WORK TO COMPLETE →
Across the lines of the records below, how many have the string "centre" in them? Answer with the number alone.

Entries taken from a collection
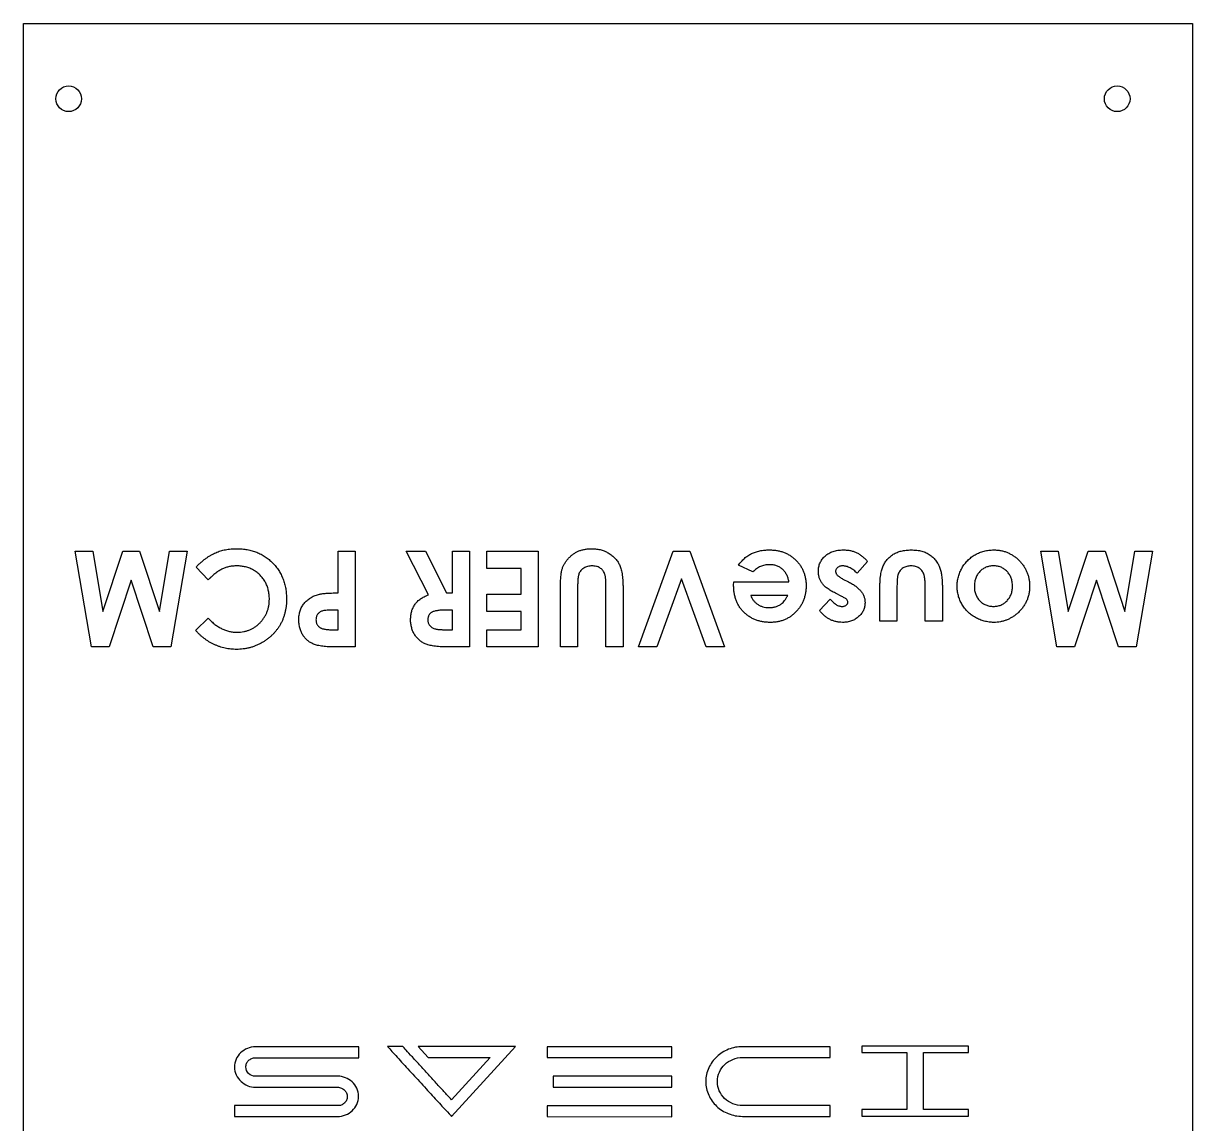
# Model space of a CAD drawing. Header units: millimetres. Extents: x -75 to 80, y 3 to 312.
# Drawn here: x -75.5 to 79.5, y 166.1 to 312 of the extents above; entities that cross this region are included whole.
import ezdxf

# ---------------------------------------------------------------- set-up
doc = ezdxf.new("R2010")
doc.units = ezdxf.units.MM

msp = doc.modelspace()

# ---------------------------------------------------------------- linework, layer by layer
at = {"color": 7, "linetype": 'Continuous', "lineweight": 25}
for p, q in [((-75.5, 3), (-75.5, 312)), ((-75.5, 312), (79.5, 312)), ((79.5, 312), (79.5, 3)), ((-68.62, 242.02), (-66.31, 242.02)), ((-66.47, 229.32), (-68.62, 242.02)), ((-66.31, 242.02), (-64.96, 234)), ((-64.96, 234), (-62.32, 242.02)), ((-62.32, 242.02), (-60.09, 242.02)), ((-60.09, 242.02), (-57.47, 234)), ((-57.47, 234), (-56.11, 242.02)), ((-56.11, 242.02), (-53.8, 242.02)), ((-53.8, 242.02), (-55.95, 229.32)), ((-33.78, 242.02), (-31.5, 242.02)), ((-33.78, 236.49), (-33.78, 242.02)), ((-31.5, 242.02), (-31.5, 229.32)), ((-24.74, 242.02), (-22.21, 242.02)), ((-21.81, 236.23), (-24.74, 242.02)), ((-22.21, 242.02), (-19.41, 236.49)), ((-18.63, 242.02), (-16.35, 242.02)), ((-18.63, 236.49), (-18.63, 242.02)), ((-16.35, 242.02), (-16.35, 229.32)), ((-14.07, 242.02), (-7.24, 242.02)), ((-14.07, 239.74), (-14.07, 242.02)), ((-7.24, 242.02), (-7.24, 229.32)), ((6.03, 229.32), (10.64, 242.02)), ((10.64, 242.02), (12.83, 242.02)), ((12.83, 242.02), (17.43, 229.32)), ((59.36, 242.02), (61.67, 242.02)), ((61.5, 229.32), (59.36, 242.02)), ((61.67, 242.02), (63.02, 234)), ((63.02, 234), (65.66, 242.02)), ((65.66, 242.02), (67.89, 242.02)), ((67.89, 242.02), (70.51, 234)), ((70.51, 234), (71.86, 242.02)), ((71.86, 242.02), (74.17, 242.02)), ((74.17, 242.02), (72.03, 229.32)), ((36.4, 240.63), (35.02, 239.09)), ((-50.99, 238.22), (-52.61, 239.92)), ((-9.52, 239.74), (-14.07, 239.74)), ((-9.52, 236.32), (-9.52, 239.74)), ((21.21, 239.27), (19.3, 240.18)), ((-61.21, 238.18), (-64.13, 229.32)), ((-58.31, 229.32), (-61.21, 238.18)), ((-2.03, 237.28), (-2.03, 229.32)), ((1.72, 229.32), (1.72, 237.59)), ((11.73, 238.34), (8.46, 229.32)), ((15, 229.32), (11.73, 238.34)), ((18.65, 237.52), (18.66, 237.95)), ((18.66, 237.95), (25.98, 237.95)), ((33.15, 238.33), (33.9, 237.95)), ((40.31, 237.27), (40.31, 232.74)), ((44.05, 232.74), (44.05, 237.2)), ((66.77, 238.18), (63.85, 229.32)), ((69.66, 229.32), (66.77, 238.18)), ((-19.41, 236.49), (-18.63, 236.49)), ((-14.07, 236.32), (-9.52, 236.32)), ((-14.07, 234.04), (-14.07, 236.32)), ((-4.31, 229.32), (-4.31, 236.9)), ((4, 236.9), (4, 229.32)), ((25.82, 236.16), (20.93, 236.16)), ((30.05, 234.17), (31.44, 235.67)), ((32.99, 236.02), (32.16, 236.44)), ((38.03, 232.74), (38.03, 236.64)), ((46.33, 236.58), (46.33, 232.74)), ((-33.78, 234.21), (-34.58, 234.21)), ((-33.78, 231.6), (-33.78, 234.21)), ((-18.63, 234.21), (-19.52, 234.21)), ((-18.63, 231.6), (-18.63, 234.21)), ((-52.66, 231.53), (-50.99, 233.12)), ((-9.52, 234.04), (-14.07, 234.04)), ((-9.52, 231.6), (-9.52, 234.04)), ((40.31, 232.74), (38.03, 232.74)), ((46.33, 232.74), (44.05, 232.74)), ((-34.49, 231.6), (-33.78, 231.6)), ((-19.41, 231.6), (-18.63, 231.6)), ((-14.07, 231.6), (-9.52, 231.6)), ((-14.07, 229.32), (-14.07, 231.6)), ((-64.13, 229.32), (-66.47, 229.32)), ((-55.95, 229.32), (-58.31, 229.32)), ((-31.5, 229.32), (-34.04, 229.32)), ((-16.35, 229.32), (-19.01, 229.32)), ((-7.24, 229.32), (-14.07, 229.32)), ((-2.03, 229.32), (-4.31, 229.32)), ((4, 229.32), (1.72, 229.32)), ((8.46, 229.32), (6.03, 229.32)), ((17.43, 229.32), (15, 229.32)), ((63.85, 229.32), (61.5, 229.32)), ((72.03, 229.32), (69.66, 229.32)), ((-31.05, 176.3), (-44.72, 176.3)), ((-31.05, 174.86), (-31.05, 176.3)), ((-25.2, 176.34), (-27.21, 176.34)), ((-10.28, 176.34), (-23.17, 176.34)), ((-23.17, 176.34), (-21.84, 174.9)), ((-18.75, 167.08), (-10.28, 176.34)), ((10.46, 176.32), (-6.05, 176.32)), ((-6.05, 176.32), (-6.05, 174.87)), ((10.46, 174.87), (10.46, 176.32)), ((31.44, 176.32), (19.83, 176.32)), ((31.44, 174.88), (31.44, 176.32)), ((35.67, 176.38), (35.67, 175.54)), ((49.79, 176.38), (35.67, 176.38)), ((35.67, 175.54), (41.62, 175.54)), ((41.62, 175.54), (41.62, 167.97)), ((43.82, 175.54), (49.79, 175.54)), ((43.82, 167.97), (43.82, 175.54)), ((49.79, 175.54), (49.79, 176.38)), ((-44.73, 174.86), (-31.05, 174.86)), ((-21.84, 174.9), (-13.63, 174.9)), ((-13.63, 174.9), (-18.75, 169.29)), ((-6.05, 174.87), (10.46, 174.87)), ((19.84, 174.88), (31.44, 174.88)), ((-33.83, 172.41), (-44.75, 172.41)), ((10.46, 172.39), (-5.25, 172.39)), ((-5.25, 172.39), (-5.25, 170.97)), ((10.46, 170.97), (10.46, 172.39)), ((-44.73, 170.94), (-33.85, 170.94)), ((-5.25, 170.97), (10.46, 170.97)), ((-31.06, 169.71), (-31.06, 169.76)), ((-33.86, 168.51), (-47.52, 168.51)), ((-47.52, 168.51), (-47.52, 167.06)), ((10.46, 168.49), (-6.05, 168.49)), ((-6.05, 168.49), (-6.05, 167.05)), ((10.46, 167.04), (10.46, 168.49)), ((31.44, 168.51), (19.84, 168.51)), ((31.44, 167.06), (31.44, 168.51)), ((41.62, 167.97), (35.67, 167.97)), ((35.67, 167.97), (35.67, 167.12)), ((49.79, 167.97), (43.82, 167.97)), ((49.79, 167.12), (49.79, 167.97)), ((-47.52, 167.06), (-33.85, 167.06)), ((-6.05, 167.05), (10.46, 167.04)), ((19.83, 167.08), (19.83, 167.06)), ((19.83, 167.06), (31.44, 167.06)), ((35.67, 167.12), (49.79, 167.12))]:
    msp.add_line(p, q, dxfattribs=at)
for centre in [(-69.5, 302), (69.5, 302)]:
    msp.add_circle(centre, 1.7, dxfattribs=at)
for points, knots in [([(-52.61, 239.92), (-52.5, 240.03), (-52.28, 240.25), (-51.94, 240.55), (-51.61, 240.83), (-51.28, 241.08), (-50.96, 241.3), (-50.64, 241.5), (-50.32, 241.67), (-50.01, 241.82), (-49.69, 241.95), (-49.37, 242.05), (-49.04, 242.15), (-48.69, 242.22), (-48.34, 242.28), (-47.97, 242.32), (-47.59, 242.34), (-47.34, 242.35), (-47.21, 242.35)], [0, 0, 0, 0, 0.077784, 0.151817, 0.222542, 0.29028, 0.354643, 0.415801, 0.474713, 0.53043, 0.585584, 0.641307, 0.6979, 0.75542, 0.814521, 0.874876, 0.936669, 1, 1, 1, 1]), ([(-47.21, 242.35), (-46.97, 242.34), (-46.51, 242.33), (-45.83, 242.24), (-45.18, 242.1), (-44.57, 241.89), (-43.99, 241.62), (-43.44, 241.3), (-42.93, 240.91), (-42.45, 240.48), (-42.02, 239.99), (-41.64, 239.47), (-41.33, 238.91), (-41.06, 238.33), (-40.86, 237.7), (-40.72, 237.05), (-40.63, 236.36), (-40.62, 235.89), (-40.61, 235.65)], [0, 0, 0, 0, 0.067374, 0.131832, 0.194455, 0.255566, 0.315587, 0.375625, 0.436133, 0.497772, 0.559461, 0.620267, 0.680775, 0.741575, 0.803222, 0.866497, 0.931913, 1, 1, 1, 1]), ([(-4.31, 236.9), (-4.3, 237.05), (-4.3, 237.35), (-4.29, 237.77), (-4.28, 238.16), (-4.25, 238.51), (-4.23, 238.82), (-4.19, 239.1), (-4.15, 239.34), (-4.09, 239.62), (-3.98, 239.93), (-3.8, 240.3), (-3.57, 240.65), (-3.3, 241), (-3, 241.32), (-2.68, 241.6), (-2.32, 241.83), (-1.95, 242.02), (-1.54, 242.17), (-1.11, 242.27), (-0.65, 242.34), (-0.33, 242.34), (-0.16, 242.35)], [0, 0, 0, 0, 0.058546, 0.112578, 0.161794, 0.206525, 0.246469, 0.282015, 0.313231, 0.339826, 0.389437, 0.440502, 0.493988, 0.550016, 0.606532, 0.661367, 0.714565, 0.767508, 0.821533, 0.878097, 0.937197, 1, 1, 1, 1]), ([(-0.16, 242.35), (-0.05, 242.35), (0.16, 242.34), (0.48, 242.31), (0.79, 242.26), (1.09, 242.19), (1.37, 242.1), (1.65, 241.99), (1.91, 241.87), (2.16, 241.71), (2.4, 241.55), (2.62, 241.38), (2.82, 241.2), (3.01, 241), (3.18, 240.8), (3.33, 240.58), (3.46, 240.36), (3.58, 240.12), (3.68, 239.86), (3.77, 239.55), (3.84, 239.21), (3.9, 238.83), (3.94, 238.4), (3.98, 237.94), (3.99, 237.43), (4, 237.08), (4, 236.9)], [0, 0, 0, 0, 0.04172, 0.082312, 0.121586, 0.160086, 0.198114, 0.235691, 0.272702, 0.309956, 0.346716, 0.38241, 0.417202, 0.451266, 0.484791, 0.517973, 0.551015, 0.584121, 0.619421, 0.659117, 0.703436, 0.75249, 0.806822, 0.866126, 0.930494, 1, 1, 1, 1]), ([(19.3, 240.18), (19.36, 240.26), (19.49, 240.42), (19.68, 240.65), (19.88, 240.87), (20.09, 241.07), (20.31, 241.25), (20.54, 241.41), (20.78, 241.56), (21.03, 241.7), (21.29, 241.81), (21.56, 241.91), (21.84, 241.99), (22.13, 242.07), (22.44, 242.12), (22.75, 242.16), (23.08, 242.18), (23.3, 242.18), (23.42, 242.19)], [0, 0, 0, 0, 0.064594, 0.127677, 0.189421, 0.250023, 0.309772, 0.368532, 0.426849, 0.485408, 0.54424, 0.604522, 0.665627, 0.728603, 0.793422, 0.85988, 0.928684, 1, 1, 1, 1]), ([(23.42, 242.19), (23.59, 242.18), (23.94, 242.17), (24.44, 242.11), (24.91, 242), (25.36, 241.86), (25.79, 241.66), (26.19, 241.43), (26.57, 241.15), (26.92, 240.83), (27.23, 240.49), (27.51, 240.12), (27.74, 239.72), (27.93, 239.3), (28.08, 238.87), (28.18, 238.41), (28.25, 237.93), (28.26, 237.6), (28.26, 237.43)], [0, 0, 0, 0, 0.068971, 0.135075, 0.198869, 0.261184, 0.322125, 0.383004, 0.4443, 0.506346, 0.568167, 0.628923, 0.689056, 0.748781, 0.809084, 0.870922, 0.934372, 1, 1, 1, 1]), ([(29.89, 239.35), (29.89, 239.45), (29.9, 239.65), (29.94, 239.93), (30.01, 240.21), (30.1, 240.47), (30.24, 240.71), (30.39, 240.95), (30.57, 241.17), (30.78, 241.38), (31.02, 241.57), (31.27, 241.74), (31.55, 241.87), (31.84, 241.99), (32.15, 242.08), (32.48, 242.14), (32.83, 242.18), (33.07, 242.18), (33.19, 242.19)], [0, 0, 0, 0, 0.061051, 0.119494, 0.177131, 0.233855, 0.290261, 0.347786, 0.406305, 0.467107, 0.528962, 0.591116, 0.653574, 0.717443, 0.783585, 0.852572, 0.924392, 1, 1, 1, 1]), ([(33.19, 242.19), (33.36, 242.18), (33.68, 242.17), (34.15, 242.1), (34.59, 241.98), (35, 241.81), (35.4, 241.58), (35.76, 241.31), (36.1, 240.99), (36.3, 240.75), (36.4, 240.63)], [0, 0, 0, 0, 0.1321078, 0.259316, 0.3820183, 0.5031131, 0.6231153, 0.7454263, 0.8698709, 1, 1, 1, 1]), ([(38.42, 239.94), (38.46, 240.03), (38.54, 240.21), (38.68, 240.45), (38.84, 240.69), (39.01, 240.9), (39.19, 241.1), (39.39, 241.29), (39.6, 241.45), (39.82, 241.61), (40.07, 241.74), (40.32, 241.87), (40.59, 241.96), (40.88, 242.04), (41.19, 242.11), (41.51, 242.15), (41.84, 242.18), (42.07, 242.18), (42.19, 242.19)], [0, 0, 0, 0, 0.062326, 0.123027, 0.182362, 0.241279, 0.298696, 0.356851, 0.414576, 0.472555, 0.531773, 0.591922, 0.653917, 0.717849, 0.784042, 0.853328, 0.924847, 1, 1, 1, 1]), ([(42.19, 242.19), (42.31, 242.18), (42.56, 242.18), (42.92, 242.14), (43.27, 242.1), (43.59, 242.02), (43.9, 241.93), (44.19, 241.81), (44.46, 241.67), (44.71, 241.51), (44.94, 241.33), (45.15, 241.14), (45.34, 240.93), (45.53, 240.7), (45.68, 240.45), (45.83, 240.19), (45.95, 239.91), (46.02, 239.72), (46.05, 239.62)], [0, 0, 0, 0, 0.075698, 0.148115, 0.217424, 0.283582, 0.347507, 0.409468, 0.469431, 0.528325, 0.586631, 0.64416, 0.701314, 0.758818, 0.817559, 0.876654, 0.937346, 1, 1, 1, 1]), ([(48.29, 237.37), (48.29, 237.48), (48.29, 237.69), (48.32, 238.01), (48.37, 238.32), (48.44, 238.63), (48.54, 238.93), (48.64, 239.22), (48.78, 239.51), (48.93, 239.79), (49.09, 240.07), (49.28, 240.32), (49.48, 240.57), (49.69, 240.8), (49.91, 241.01), (50.16, 241.21), (50.41, 241.39), (50.68, 241.56), (50.97, 241.7), (51.25, 241.83), (51.55, 241.94), (51.85, 242.03), (52.16, 242.1), (52.48, 242.15), (52.81, 242.18), (53.02, 242.18), (53.13, 242.19)], [0, 0, 0, 0, 0.042169, 0.083842, 0.125197, 0.166342, 0.20729, 0.248674, 0.290283, 0.332629, 0.374968, 0.416459, 0.457836, 0.498789, 0.539498, 0.580404, 0.621895, 0.663489, 0.705383, 0.746854, 0.788237, 0.82973, 0.871527, 0.913821, 0.956493, 1, 1, 1, 1]), ([(53.13, 242.19), (53.3, 242.18), (53.61, 242.17), (54.08, 242.11), (54.53, 242), (54.97, 241.84), (55.38, 241.64), (55.77, 241.4), (56.15, 241.12), (56.5, 240.79), (56.83, 240.43), (57.11, 240.06), (57.35, 239.66), (57.55, 239.24), (57.7, 238.8), (57.81, 238.35), (57.88, 237.88), (57.89, 237.55), (57.89, 237.39)], [0, 0, 0, 0, 0.0643854, 0.1269045, 0.1882312, 0.2489344, 0.309795, 0.3708661, 0.4336906, 0.4981293, 0.5625894, 0.6254138, 0.6870638, 0.7480842, 0.8094258, 0.8714103, 0.9346003, 1, 1, 1, 1]), ([(-47.2, 240.07), (-47.37, 240.06), (-47.7, 240.05), (-48.19, 239.98), (-48.66, 239.85), (-49.03, 239.71), (-49.32, 239.56), (-49.55, 239.43), (-49.78, 239.28), (-50.01, 239.11), (-50.25, 238.92), (-50.49, 238.7), (-50.74, 238.47), (-50.91, 238.31), (-50.99, 238.22)], [0, 0, 0, 0, 0.117053, 0.229979, 0.340718, 0.450132, 0.506336, 0.565284, 0.628189, 0.694716, 0.765009, 0.839573, 0.917746, 1, 1, 1, 1]), ([(-42.89, 235.65), (-42.89, 235.75), (-42.9, 235.96), (-42.92, 236.27), (-42.97, 236.57), (-43.03, 236.86), (-43.1, 237.14), (-43.2, 237.42), (-43.31, 237.68), (-43.44, 237.93), (-43.58, 238.18), (-43.74, 238.41), (-43.91, 238.62), (-44.09, 238.83), (-44.3, 239.01), (-44.51, 239.19), (-44.74, 239.35), (-44.98, 239.5), (-45.23, 239.64), (-45.49, 239.75), (-45.76, 239.85), (-46.04, 239.93), (-46.32, 239.99), (-46.6, 240.03), (-46.9, 240.07), (-47.1, 240.07), (-47.2, 240.07)], [0, 0, 0, 0, 0.045993, 0.090653, 0.134142, 0.177355, 0.219295, 0.260941, 0.30214, 0.343266, 0.384147, 0.424348, 0.464388, 0.503978, 0.543795, 0.583781, 0.624404, 0.665346, 0.706652, 0.747661, 0.788862, 0.830193, 0.871687, 0.91372, 0.956581, 1, 1, 1, 1]), ([(-0.11, 240.07), (-0.21, 240.07), (-0.41, 240.06), (-0.7, 240), (-0.97, 239.91), (-1.21, 239.78), (-1.43, 239.62), (-1.6, 239.44), (-1.75, 239.25), (-1.84, 239.06), (-1.89, 238.89), (-1.93, 238.74), (-1.96, 238.56), (-1.99, 238.35), (-2, 238.12), (-2.02, 237.86), (-2.02, 237.58), (-2.03, 237.39), (-2.03, 237.28)], [0, 0, 0, 0, 0.078802, 0.153651, 0.225205, 0.295309, 0.363189, 0.427094, 0.488997, 0.551224, 0.585356, 0.625414, 0.67159, 0.724008, 0.783348, 0.849131, 0.921327, 1, 1, 1, 1]), ([(1.72, 237.59), (1.72, 237.67), (1.72, 237.84), (1.71, 238.07), (1.7, 238.29), (1.68, 238.49), (1.65, 238.67), (1.62, 238.83), (1.58, 238.97), (1.52, 239.13), (1.43, 239.31), (1.29, 239.5), (1.12, 239.67), (0.92, 239.81), (0.7, 239.93), (0.45, 240.01), (0.18, 240.06), (-0.01, 240.07), (-0.11, 240.07)], [0, 0, 0, 0, 0.0722, 0.139453, 0.200317, 0.257076, 0.307727, 0.35357, 0.394321, 0.430047, 0.49654, 0.562447, 0.628663, 0.6973, 0.768279, 0.841291, 0.918398, 1, 1, 1, 1]), ([(23.39, 240.23), (23.29, 240.23), (23.08, 240.22), (22.78, 240.17), (22.49, 240.1), (22.21, 239.99), (21.94, 239.86), (21.68, 239.69), (21.44, 239.5), (21.29, 239.34), (21.21, 239.27)], [0, 0, 0, 0, 0.127629, 0.25134, 0.372249, 0.494281, 0.61618, 0.739791, 0.867336, 1, 1, 1, 1]), ([(25.98, 237.95), (25.96, 238.04), (25.94, 238.2), (25.87, 238.45), (25.79, 238.67), (25.69, 238.89), (25.58, 239.09), (25.45, 239.28), (25.3, 239.46), (25.14, 239.62), (24.96, 239.76), (24.77, 239.89), (24.57, 239.99), (24.36, 240.08), (24.13, 240.15), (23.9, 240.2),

SOLVED EXERCISE →
2